There is some room for development and improvement though. The most
obvious thing is perhaps that Clusters only have one
infrastructureRef. This means that the cluster API controllers are not
aware of the “secondary” infrastructure provider(s).
Another thing that may be less obvious is the reliance on Nodes and Machines in the Kubeadm control plane provider. It is not an issue in the example we have seen here since both Metal³ and BYOH creates Nodes. However, there are some projects where Nodes are unnecessary. See for example Kamaji, which aims to integrate with the cluster API. The idea here is to run the control plane components in the management cluster as Pods. Naturally, there would not be any control plane Nodes or Machines in this case. (A second provider would be used to add workers.) But the Kubeadm control plane provider expects there to be both Machines and Nodes for the control plane, so a new provider is likely needed to make this work as desired.

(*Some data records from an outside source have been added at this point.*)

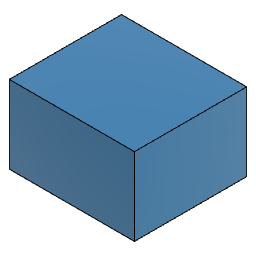
MainBatteryEnclosure v5 (Autodesk Fusion 360 archive; units mm, degrees)
design "Battery Box"
Autodesk Fusion 360 part; units mm, degrees
sketch "Sketch1" plane through (0, 0, 0) normal (0, 0, 1) x (1, 0, 0) in component "Battery Box"
  line L0 (0, 0) -> (184.15, 0)
  line L1 (184.15, 0) -> (184.15, -165.1)
  line L2 (184.15, -165.1) -> (0, -165.1)
  line L3 (0, -165.1) -> (0, 0)
  dimension "d1" = 184.15
  dimension "d2" = 165.1
  constraint horizontal L0
  constraint vertical L1
  constraint horizontal L2
  constraint vertical L3
  constraint coincident L0.start L3.end
  measures "d1" distance of L0.start L0.end
  measures "d2" distance of L0.start L2.end
extrude "Extrude1" add sketch "Sketch1" along normal blind 114.3 in component "Battery Box"
component "Battery Box" placed x (1, 0, 0) y (0, 1, 0) z (0, 0, 1) at (0, 0, 0)

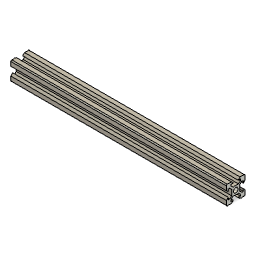
design "Vslot 2020 Sketch v1"
Autodesk Fusion 360 part; units mm, degrees
sketch "Sketch1" plane through (0, 0, 0) normal (0, 1, 0) x (1, 0, 0)
  line L0 (-4.5299, 10) -> (-2.5299, 8)
  line L1 (3, -4.3201) -> (4.9799, -6.3)
  line L2 (6.3, -4.9799) -> (8, -4.9799)
  arc A0 (9, -10) -> (10, -9) centre (9, -9) ccw
  line L3 (-8, 2.5299) -> (-10, 4.5299)
  line L4 (8, -4.9799) -> (8, -2.5299)
  line L5 (-10, -4.5299) -> (-10, -9)
  line L6 (10, 4.5299) -> (8, 2.5299)
  line L7 (-3, 4.3201) -> (3, 4.3201)
  line L8 (-3, -4.3201) -> (3, -4.3201)
  line L9 (4.5299, 10) -> (2.5299, 8)
  line L10 (4.3201, -3) -> (6.3, -4.9799)
  line L11 (8, 4.9799) -> (8, 2.5299)
  line L12 (-9, -10) -> (-4.5299, -10)
  line L13 (-8, -4.9799) -> (-8.0032, -2.5303)
  circle A1 centre (0, 0) radius 2.5
  line L14 (-8, 4.9799) -> (-8, 2.5299)
  line L15 (-4.9799, 6.3) -> (-4.9799, 8)
  line L16 (-4.9799, -6.3) -> (-4.9799, -8)
  line L17 (3, 4.3201) -> (4.9799, 6.3)
  line L18 (4.9799, -8) -> (2.5297, -7.9998)
  line L19 (-4.9799, -8) -> (-2.5299, -8)
  line L20 (-3, 4.3201) -> (-4.9799, 6.3)
  line L21 (4.9799, 6.3) -> (4.9799, 8)
  line L22 (10, -4.5299) -> (10, -9)
  line L23 (4.3201, 3) -> (4.3201, -3)
  line L24 (-4.9799, 8) -> (-2.5299, 8)
  arc A2 (-10, -9) -> (-9, -10) centre (-9, -9) ccw
  line L25 (-10, 4.5299) -> (-10, 9)
  line L26 (-3, -4.3201) -> (-4.9799, -6.3)
  line L27 (-6.3, -4.9799) -> (-8, -4.9799)
  line L28 (-4.5299, 10) -> (-8.1075, 10) construction
  arc A3 (10, 9) -> (9, 10) centre (9, 9) ccw
  line L29 (9, -10) -> (4.5299, -10)
  line L30 (-8.0032, -2.5303) -> (-10, -4.5299)
  line L31 (-4.3201, -3) -> (-6.3, -4.9799)
  line L32 (4.3201, 3) -> (6.3, 4.9799)
  line L33 (10, 4.5299) -> (10, 9)
  line L34 (-4.5299, -10) -> (-2.5299, -8)
  line L35 (10, -4.5299) -> (8, -2.5299)
  line L36 (4.9799, 8) -> (2.5299, 8)
  line L37 (-6.3, 4.9799) -> (-8, 4.9799)
  line L38 (9, 10) -> (4.5299, 10)
  line L39 (4.9799, -6.3) -> (4.9799, -8)
  line L40 (6.3, 4.9799) -> (8, 4.9799)
  arc A4 (-9, 10) -> (-10, 9) centre (-9, 9) ccw
  line L41 (-4.3201, 3) -> (-4.3201, -3)
  line L42 (-9, 10) -> (-4.5299, 10)
  line L43 (4.5299, -10) -> (2.5297, -7.9998)
  line L44 (-4.3201, 3) -> (-6.3, 4.9799)
  dimension "d1" = 5
  dimension "d2" = 6
  dimension "d3" = 2.8
  dimension "d4" = 1.7
  dimension "d5" = 1
  dimension "d8" = 135
  constraint horizontal L29
  constraint horizontal L2
  constraint perpendicular L2 L4
  constraint tangent A0 L22
  constraint tangent A0 L29
  constraint tangent A3 L33
  constraint tangent A3 L38
  constraint equal A0 A3
  constraint tangent A4 L42
  constraint tangent L25 A4
  constraint equal A0 A4
  constraint tangent L5 A2
  constraint equal A0 A2
  constraint horizontal L36
  constraint perpendicular L16 L19
  constraint horizontal L28
  constraint perpendicular L15 L24
  constraint tangent L12 A2
  measures "d1" diameter of A1
  measures "d2" distance of L10.start L23.start
  measures "d3" distance of L10.start L2.start
  measures "d4" distance of L2.start L2.end
  measures "d5" radius of A0
  measures "d8" angle of L0 L28
extrude "Extrude1" add sketch "Sketch1" along normal blind 230
move_body "Move1" bodies 1 to x (0, -1, 0) y (1, 0, 0) z (0, 0, 1) at (-155.0715, 171.0715, 0)

This issue can already be seen in the
vcluster
provider, where the Cluster stays in Provisioning state because it is
“Waiting for the first control plane machine to have its
status.nodeRef set”. The idea with vcluster is to reuse the Nodes of
the management cluster but provide a separate control plane. This gives
users better isolation than just namespaces without the need for another
“real” cluster. It is for example possible to have different custom
resource definitions in each vcluster. But since vcluster runs all the
pods (including the control plane) in the management cluster, there will
never be a control plane Machine or nodeRef.
There is already one implementation of a control plane provider without Nodes, i.e. the EKS provider. Perhaps this is the way forward. One implementation for each specific case. It would be nice if it was possible to do it in a more generic way though, similar to how the Kubeadm control plane provider is used by almost all infrastructure providers.
To summarize, there is already some support for mixed clusters with multiple providers. However, there are some issues that make it unnecessarily awkward. Two things that could be improved in the cluster API would be the following:
- Make the
cluster.infrastructureRefinto a list to allow multiple infrastructure providers to be registered. - Drop the assumption that there will always be control plane Machines and Nodes (e.g. by implementing a new control plane provider).